▸ **REQUIREMENT**:
Wherever a line in the material contains the word "cross", copy that line.

▸ **MATERIAL FOR THE TASK**:
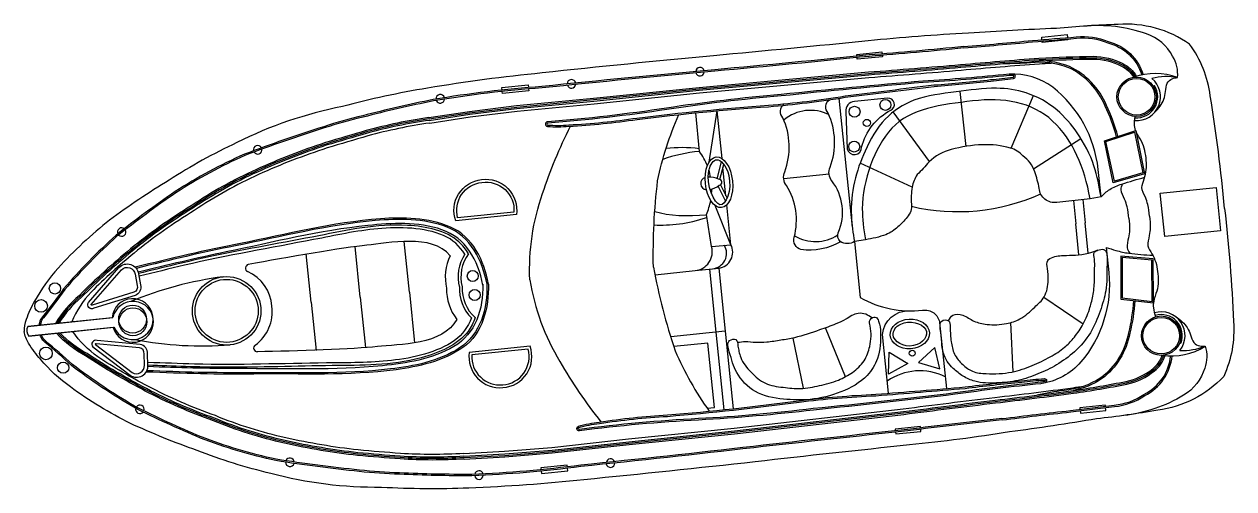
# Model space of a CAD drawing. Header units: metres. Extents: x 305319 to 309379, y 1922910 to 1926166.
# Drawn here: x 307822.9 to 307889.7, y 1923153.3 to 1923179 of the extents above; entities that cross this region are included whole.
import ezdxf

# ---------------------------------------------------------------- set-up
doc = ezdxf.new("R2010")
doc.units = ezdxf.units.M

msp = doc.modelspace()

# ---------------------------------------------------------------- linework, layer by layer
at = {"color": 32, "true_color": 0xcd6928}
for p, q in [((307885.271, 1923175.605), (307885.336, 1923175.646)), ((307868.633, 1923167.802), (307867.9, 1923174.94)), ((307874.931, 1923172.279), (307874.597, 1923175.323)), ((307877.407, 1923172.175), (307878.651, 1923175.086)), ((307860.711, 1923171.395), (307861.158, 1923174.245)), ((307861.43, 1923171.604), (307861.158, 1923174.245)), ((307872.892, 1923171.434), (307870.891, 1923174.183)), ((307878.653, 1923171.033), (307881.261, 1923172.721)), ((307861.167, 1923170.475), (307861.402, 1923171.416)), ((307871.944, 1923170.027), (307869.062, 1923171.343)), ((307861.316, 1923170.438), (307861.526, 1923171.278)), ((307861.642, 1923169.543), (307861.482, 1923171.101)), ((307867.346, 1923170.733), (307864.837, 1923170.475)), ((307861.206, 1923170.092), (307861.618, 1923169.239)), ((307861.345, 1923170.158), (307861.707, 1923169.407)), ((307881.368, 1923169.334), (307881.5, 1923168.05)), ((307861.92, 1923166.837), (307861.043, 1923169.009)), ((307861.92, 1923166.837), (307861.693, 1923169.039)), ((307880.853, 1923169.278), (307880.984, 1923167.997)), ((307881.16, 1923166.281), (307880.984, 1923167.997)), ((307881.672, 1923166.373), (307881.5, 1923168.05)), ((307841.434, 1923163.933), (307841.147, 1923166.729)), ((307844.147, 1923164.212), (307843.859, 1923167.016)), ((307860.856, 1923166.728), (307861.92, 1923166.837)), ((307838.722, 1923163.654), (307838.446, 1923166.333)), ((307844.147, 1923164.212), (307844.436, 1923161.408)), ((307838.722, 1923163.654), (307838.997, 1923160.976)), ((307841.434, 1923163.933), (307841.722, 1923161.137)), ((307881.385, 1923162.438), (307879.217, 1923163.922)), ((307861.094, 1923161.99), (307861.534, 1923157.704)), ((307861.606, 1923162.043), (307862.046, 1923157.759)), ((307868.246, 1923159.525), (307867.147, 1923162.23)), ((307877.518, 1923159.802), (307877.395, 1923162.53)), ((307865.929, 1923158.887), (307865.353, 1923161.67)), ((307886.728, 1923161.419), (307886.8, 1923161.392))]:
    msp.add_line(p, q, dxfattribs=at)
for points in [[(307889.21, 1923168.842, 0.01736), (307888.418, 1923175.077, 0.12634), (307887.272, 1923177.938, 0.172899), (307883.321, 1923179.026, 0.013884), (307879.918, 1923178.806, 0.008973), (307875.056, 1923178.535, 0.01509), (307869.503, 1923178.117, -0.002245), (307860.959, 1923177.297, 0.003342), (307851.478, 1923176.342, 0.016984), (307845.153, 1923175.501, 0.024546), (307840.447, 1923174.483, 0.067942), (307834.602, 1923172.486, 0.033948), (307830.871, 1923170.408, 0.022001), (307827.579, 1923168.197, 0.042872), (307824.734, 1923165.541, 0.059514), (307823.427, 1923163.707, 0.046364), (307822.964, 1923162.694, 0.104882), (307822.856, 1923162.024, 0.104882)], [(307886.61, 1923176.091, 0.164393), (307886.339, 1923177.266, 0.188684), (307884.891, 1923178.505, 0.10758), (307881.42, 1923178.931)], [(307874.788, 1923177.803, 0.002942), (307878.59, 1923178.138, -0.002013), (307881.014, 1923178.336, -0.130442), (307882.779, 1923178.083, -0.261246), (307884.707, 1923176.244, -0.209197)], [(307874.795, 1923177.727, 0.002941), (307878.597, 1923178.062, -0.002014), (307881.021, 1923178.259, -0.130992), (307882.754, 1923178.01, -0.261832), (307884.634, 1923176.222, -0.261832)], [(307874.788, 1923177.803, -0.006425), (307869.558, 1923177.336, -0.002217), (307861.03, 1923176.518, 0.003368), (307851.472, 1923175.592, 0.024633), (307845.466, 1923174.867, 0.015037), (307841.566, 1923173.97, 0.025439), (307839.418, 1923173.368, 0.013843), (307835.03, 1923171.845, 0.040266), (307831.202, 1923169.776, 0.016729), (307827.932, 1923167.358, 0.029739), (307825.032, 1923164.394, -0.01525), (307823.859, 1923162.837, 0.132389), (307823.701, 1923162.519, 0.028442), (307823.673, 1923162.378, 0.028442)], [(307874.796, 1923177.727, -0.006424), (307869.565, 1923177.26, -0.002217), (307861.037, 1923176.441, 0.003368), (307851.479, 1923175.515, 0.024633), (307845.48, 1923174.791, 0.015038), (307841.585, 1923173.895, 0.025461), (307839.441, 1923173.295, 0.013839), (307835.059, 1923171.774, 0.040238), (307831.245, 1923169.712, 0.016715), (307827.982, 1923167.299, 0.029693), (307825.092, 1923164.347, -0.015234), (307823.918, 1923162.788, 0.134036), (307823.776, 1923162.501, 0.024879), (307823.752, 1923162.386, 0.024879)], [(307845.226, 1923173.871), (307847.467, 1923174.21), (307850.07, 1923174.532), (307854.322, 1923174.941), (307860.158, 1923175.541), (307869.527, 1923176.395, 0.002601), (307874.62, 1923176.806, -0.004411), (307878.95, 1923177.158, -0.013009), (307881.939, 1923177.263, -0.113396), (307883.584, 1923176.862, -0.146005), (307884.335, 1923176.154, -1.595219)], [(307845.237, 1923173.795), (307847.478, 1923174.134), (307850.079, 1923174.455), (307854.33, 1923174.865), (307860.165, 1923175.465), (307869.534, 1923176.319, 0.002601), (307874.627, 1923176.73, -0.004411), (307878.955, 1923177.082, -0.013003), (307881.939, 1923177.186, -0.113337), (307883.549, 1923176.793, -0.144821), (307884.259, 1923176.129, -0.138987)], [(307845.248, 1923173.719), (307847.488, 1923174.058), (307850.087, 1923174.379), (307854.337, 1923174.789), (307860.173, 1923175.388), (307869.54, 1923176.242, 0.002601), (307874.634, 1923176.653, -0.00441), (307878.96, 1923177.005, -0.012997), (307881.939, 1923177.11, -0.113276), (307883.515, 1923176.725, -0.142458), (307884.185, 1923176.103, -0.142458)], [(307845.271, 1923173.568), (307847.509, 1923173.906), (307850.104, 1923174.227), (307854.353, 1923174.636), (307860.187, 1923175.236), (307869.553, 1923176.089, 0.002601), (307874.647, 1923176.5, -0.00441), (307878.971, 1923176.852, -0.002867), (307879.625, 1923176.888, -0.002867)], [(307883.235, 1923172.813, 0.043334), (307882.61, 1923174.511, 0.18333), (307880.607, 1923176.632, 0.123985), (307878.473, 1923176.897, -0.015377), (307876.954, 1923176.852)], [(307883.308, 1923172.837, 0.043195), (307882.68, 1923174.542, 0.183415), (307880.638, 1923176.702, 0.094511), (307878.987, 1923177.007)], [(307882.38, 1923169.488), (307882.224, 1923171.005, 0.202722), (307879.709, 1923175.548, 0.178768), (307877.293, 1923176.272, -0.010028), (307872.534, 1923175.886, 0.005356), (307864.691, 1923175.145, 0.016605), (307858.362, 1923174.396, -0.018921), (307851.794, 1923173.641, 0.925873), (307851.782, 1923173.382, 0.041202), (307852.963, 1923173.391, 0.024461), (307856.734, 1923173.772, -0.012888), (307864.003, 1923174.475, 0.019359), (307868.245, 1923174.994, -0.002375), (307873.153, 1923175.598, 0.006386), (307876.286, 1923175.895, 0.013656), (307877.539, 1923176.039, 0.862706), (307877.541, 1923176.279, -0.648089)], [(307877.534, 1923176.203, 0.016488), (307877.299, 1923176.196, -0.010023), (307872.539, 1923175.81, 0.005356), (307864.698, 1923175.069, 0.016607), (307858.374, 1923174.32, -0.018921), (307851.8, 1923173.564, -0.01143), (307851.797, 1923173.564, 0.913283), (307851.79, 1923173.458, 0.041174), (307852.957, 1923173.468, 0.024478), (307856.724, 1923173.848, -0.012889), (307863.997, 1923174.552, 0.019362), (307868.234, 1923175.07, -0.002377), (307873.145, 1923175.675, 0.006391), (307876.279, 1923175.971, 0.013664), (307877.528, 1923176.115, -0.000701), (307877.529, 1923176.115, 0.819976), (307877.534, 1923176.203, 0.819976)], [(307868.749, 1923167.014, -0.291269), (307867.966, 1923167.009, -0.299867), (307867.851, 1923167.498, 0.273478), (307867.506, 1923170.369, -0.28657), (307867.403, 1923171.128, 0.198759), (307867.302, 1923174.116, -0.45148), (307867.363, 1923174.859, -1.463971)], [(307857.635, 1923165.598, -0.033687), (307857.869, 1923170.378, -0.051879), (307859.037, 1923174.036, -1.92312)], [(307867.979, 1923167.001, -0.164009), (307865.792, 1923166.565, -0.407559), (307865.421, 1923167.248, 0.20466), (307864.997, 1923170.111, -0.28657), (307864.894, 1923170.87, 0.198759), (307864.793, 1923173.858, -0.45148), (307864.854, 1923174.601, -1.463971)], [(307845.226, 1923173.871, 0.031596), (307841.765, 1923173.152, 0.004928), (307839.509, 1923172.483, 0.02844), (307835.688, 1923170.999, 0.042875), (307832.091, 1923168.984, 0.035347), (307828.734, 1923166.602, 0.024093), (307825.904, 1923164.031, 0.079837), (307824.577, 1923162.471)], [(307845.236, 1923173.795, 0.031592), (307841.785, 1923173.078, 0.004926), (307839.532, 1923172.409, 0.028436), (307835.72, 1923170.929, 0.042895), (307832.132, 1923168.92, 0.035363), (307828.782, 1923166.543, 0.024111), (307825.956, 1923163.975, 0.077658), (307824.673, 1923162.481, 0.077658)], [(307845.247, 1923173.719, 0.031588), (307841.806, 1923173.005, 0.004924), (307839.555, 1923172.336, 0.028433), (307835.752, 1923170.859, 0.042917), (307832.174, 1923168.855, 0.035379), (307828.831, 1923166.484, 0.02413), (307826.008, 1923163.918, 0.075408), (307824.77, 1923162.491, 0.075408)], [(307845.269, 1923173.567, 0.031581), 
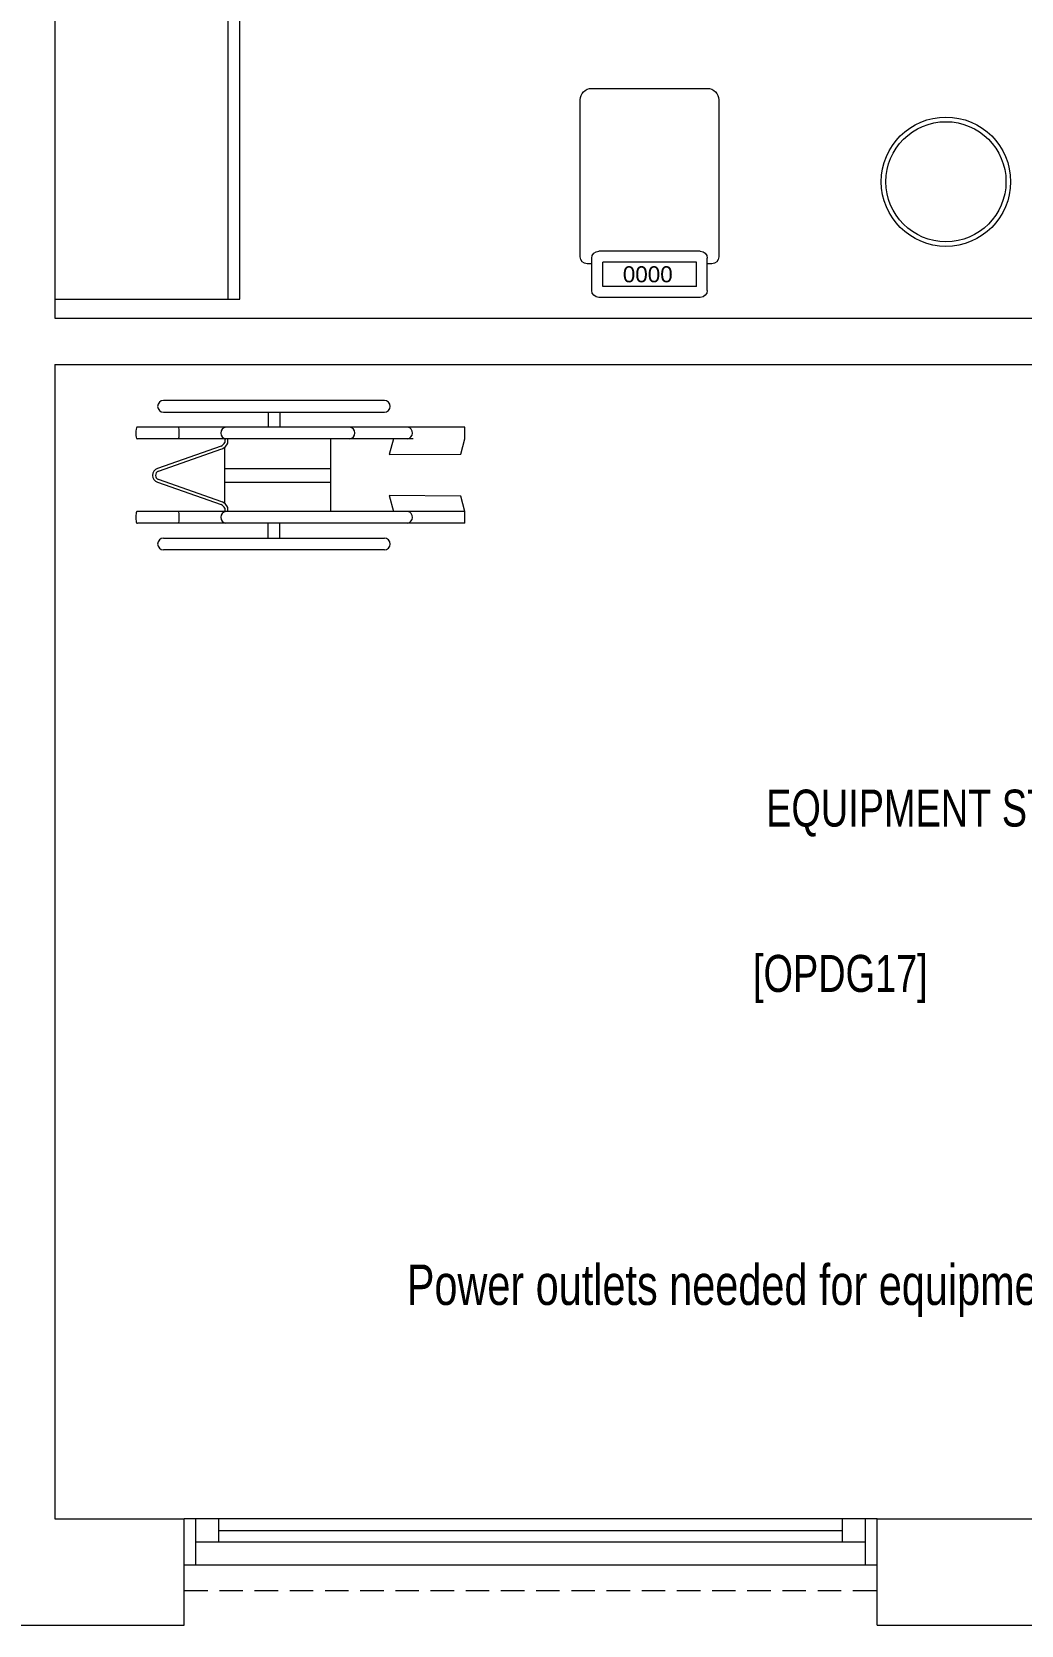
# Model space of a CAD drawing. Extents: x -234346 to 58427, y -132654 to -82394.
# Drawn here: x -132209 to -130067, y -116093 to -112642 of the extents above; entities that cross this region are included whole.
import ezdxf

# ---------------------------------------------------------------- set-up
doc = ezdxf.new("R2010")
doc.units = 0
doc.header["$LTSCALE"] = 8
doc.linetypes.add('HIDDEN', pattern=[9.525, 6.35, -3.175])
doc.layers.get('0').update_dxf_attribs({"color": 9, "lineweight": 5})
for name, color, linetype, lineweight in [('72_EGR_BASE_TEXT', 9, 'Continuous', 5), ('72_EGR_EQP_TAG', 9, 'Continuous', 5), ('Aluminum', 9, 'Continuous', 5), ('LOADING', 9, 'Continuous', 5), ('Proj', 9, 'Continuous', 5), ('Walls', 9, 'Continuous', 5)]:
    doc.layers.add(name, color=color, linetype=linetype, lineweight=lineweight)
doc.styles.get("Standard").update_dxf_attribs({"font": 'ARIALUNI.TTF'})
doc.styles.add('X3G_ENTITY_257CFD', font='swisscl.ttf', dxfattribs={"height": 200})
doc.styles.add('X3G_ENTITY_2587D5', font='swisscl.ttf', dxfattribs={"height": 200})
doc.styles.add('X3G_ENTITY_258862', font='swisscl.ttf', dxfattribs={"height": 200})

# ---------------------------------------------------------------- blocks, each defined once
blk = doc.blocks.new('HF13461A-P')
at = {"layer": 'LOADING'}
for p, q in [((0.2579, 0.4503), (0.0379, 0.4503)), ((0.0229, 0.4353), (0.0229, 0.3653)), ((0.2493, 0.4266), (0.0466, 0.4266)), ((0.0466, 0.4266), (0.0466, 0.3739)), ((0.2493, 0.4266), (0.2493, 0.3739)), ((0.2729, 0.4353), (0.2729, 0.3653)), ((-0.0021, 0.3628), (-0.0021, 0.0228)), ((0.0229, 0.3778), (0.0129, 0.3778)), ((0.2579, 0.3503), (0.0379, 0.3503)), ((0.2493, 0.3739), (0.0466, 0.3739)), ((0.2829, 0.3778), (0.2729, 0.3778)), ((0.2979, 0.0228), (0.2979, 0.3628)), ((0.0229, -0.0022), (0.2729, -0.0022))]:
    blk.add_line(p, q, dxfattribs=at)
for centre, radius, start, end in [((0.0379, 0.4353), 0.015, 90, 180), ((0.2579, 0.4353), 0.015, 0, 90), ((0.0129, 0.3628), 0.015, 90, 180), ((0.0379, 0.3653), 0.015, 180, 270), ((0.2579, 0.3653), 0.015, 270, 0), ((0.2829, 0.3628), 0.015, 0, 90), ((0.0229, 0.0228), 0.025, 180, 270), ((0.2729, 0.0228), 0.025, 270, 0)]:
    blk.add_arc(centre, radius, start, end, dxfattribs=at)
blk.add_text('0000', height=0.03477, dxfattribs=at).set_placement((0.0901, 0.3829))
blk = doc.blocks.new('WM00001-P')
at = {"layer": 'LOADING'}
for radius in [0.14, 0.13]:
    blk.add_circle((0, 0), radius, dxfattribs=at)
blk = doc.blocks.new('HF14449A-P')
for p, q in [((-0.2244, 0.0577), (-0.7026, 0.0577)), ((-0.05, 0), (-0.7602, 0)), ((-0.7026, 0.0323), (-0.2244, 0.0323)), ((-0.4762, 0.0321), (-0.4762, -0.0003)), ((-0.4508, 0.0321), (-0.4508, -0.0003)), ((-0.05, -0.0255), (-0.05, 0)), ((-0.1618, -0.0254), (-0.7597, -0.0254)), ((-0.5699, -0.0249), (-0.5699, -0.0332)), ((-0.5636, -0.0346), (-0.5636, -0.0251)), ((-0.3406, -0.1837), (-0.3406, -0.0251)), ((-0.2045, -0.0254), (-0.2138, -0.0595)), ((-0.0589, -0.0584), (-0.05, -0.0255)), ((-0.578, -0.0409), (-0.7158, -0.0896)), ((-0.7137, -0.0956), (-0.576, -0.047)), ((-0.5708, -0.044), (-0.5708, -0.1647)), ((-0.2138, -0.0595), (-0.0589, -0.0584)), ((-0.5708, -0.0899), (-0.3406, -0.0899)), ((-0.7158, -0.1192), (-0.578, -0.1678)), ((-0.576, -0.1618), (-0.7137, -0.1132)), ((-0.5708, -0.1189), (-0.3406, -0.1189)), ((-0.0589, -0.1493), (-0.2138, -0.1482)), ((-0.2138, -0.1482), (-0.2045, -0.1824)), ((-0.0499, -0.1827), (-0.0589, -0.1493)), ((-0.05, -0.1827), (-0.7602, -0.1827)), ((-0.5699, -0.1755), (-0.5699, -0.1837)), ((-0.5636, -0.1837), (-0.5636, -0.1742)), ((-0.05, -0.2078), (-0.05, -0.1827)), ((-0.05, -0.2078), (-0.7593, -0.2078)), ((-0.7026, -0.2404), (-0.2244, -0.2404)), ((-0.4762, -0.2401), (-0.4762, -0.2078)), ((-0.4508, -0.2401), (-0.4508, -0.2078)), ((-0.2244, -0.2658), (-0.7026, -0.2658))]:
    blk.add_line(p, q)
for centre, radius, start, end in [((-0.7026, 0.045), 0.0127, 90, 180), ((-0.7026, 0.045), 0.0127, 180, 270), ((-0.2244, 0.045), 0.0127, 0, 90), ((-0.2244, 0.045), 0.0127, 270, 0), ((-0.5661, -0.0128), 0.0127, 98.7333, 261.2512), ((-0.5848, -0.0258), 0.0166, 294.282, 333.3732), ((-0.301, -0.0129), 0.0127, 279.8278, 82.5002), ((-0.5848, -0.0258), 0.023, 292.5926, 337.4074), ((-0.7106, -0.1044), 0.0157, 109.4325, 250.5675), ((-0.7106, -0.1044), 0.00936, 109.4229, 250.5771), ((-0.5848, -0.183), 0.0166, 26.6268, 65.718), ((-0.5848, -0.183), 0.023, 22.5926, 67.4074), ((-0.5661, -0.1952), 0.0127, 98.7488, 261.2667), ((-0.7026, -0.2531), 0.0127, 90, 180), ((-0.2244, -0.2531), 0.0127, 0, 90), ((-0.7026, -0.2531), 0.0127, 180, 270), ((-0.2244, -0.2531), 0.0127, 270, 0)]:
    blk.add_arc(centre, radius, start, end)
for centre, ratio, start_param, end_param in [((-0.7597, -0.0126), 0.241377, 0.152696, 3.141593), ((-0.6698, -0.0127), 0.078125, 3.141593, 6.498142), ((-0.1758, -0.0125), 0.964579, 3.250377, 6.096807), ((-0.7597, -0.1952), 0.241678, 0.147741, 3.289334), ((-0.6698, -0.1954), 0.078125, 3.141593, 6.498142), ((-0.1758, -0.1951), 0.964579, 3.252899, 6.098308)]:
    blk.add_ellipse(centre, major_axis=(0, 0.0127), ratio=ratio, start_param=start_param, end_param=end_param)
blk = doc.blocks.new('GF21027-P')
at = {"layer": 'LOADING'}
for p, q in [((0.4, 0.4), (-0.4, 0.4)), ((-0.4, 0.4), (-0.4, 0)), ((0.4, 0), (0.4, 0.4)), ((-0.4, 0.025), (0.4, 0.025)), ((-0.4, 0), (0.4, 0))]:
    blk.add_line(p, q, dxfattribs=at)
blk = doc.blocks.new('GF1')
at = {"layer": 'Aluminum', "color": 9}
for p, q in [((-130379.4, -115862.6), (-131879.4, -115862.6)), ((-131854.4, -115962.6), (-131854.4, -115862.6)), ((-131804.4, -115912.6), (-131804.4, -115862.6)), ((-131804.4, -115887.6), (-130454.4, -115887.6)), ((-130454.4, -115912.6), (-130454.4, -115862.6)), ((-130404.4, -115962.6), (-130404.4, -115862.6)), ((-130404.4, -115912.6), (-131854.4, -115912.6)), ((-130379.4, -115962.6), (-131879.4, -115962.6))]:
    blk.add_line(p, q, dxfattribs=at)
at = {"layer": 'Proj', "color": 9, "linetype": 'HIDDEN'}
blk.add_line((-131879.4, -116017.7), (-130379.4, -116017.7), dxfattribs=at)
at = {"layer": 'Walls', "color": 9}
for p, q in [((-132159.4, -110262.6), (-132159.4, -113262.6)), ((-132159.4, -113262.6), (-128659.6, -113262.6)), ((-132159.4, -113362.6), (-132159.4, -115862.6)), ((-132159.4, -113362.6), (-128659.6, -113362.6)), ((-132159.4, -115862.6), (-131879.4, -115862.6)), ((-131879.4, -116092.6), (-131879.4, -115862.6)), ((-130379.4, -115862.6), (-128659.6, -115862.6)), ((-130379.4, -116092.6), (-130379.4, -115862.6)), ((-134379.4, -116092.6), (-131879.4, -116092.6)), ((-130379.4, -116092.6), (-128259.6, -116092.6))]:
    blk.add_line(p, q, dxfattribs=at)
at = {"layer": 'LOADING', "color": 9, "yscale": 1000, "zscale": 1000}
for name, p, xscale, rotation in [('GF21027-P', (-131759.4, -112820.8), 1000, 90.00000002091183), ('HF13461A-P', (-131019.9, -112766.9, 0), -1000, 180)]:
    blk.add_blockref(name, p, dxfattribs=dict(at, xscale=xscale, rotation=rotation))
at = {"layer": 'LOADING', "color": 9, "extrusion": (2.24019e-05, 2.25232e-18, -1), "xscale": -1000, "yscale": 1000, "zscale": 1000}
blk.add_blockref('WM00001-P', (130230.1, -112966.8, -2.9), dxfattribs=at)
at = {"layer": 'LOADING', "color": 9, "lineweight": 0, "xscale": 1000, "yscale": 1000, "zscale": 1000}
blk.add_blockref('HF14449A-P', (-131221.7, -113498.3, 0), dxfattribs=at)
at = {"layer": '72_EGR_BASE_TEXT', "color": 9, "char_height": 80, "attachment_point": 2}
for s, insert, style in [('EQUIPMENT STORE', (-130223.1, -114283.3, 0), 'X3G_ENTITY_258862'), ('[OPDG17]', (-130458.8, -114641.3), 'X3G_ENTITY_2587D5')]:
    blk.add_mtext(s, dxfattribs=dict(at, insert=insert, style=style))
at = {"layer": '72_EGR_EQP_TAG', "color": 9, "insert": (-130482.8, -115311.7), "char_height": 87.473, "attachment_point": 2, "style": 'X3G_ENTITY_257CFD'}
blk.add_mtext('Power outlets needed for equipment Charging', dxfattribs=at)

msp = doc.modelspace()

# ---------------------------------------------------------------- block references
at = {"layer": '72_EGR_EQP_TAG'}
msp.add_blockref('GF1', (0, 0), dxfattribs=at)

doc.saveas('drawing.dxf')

▸ **EXPECTED OUTPUT**:
# Drawn here: x 307822.9 to 307889.7, y 1923153.3 to 1923179 of the extents above; entities that cross this region are included whole.
# Drawn here: x -132209 to -130067, y -116093 to -112642 of the extents above; entities that cross this region are included whole.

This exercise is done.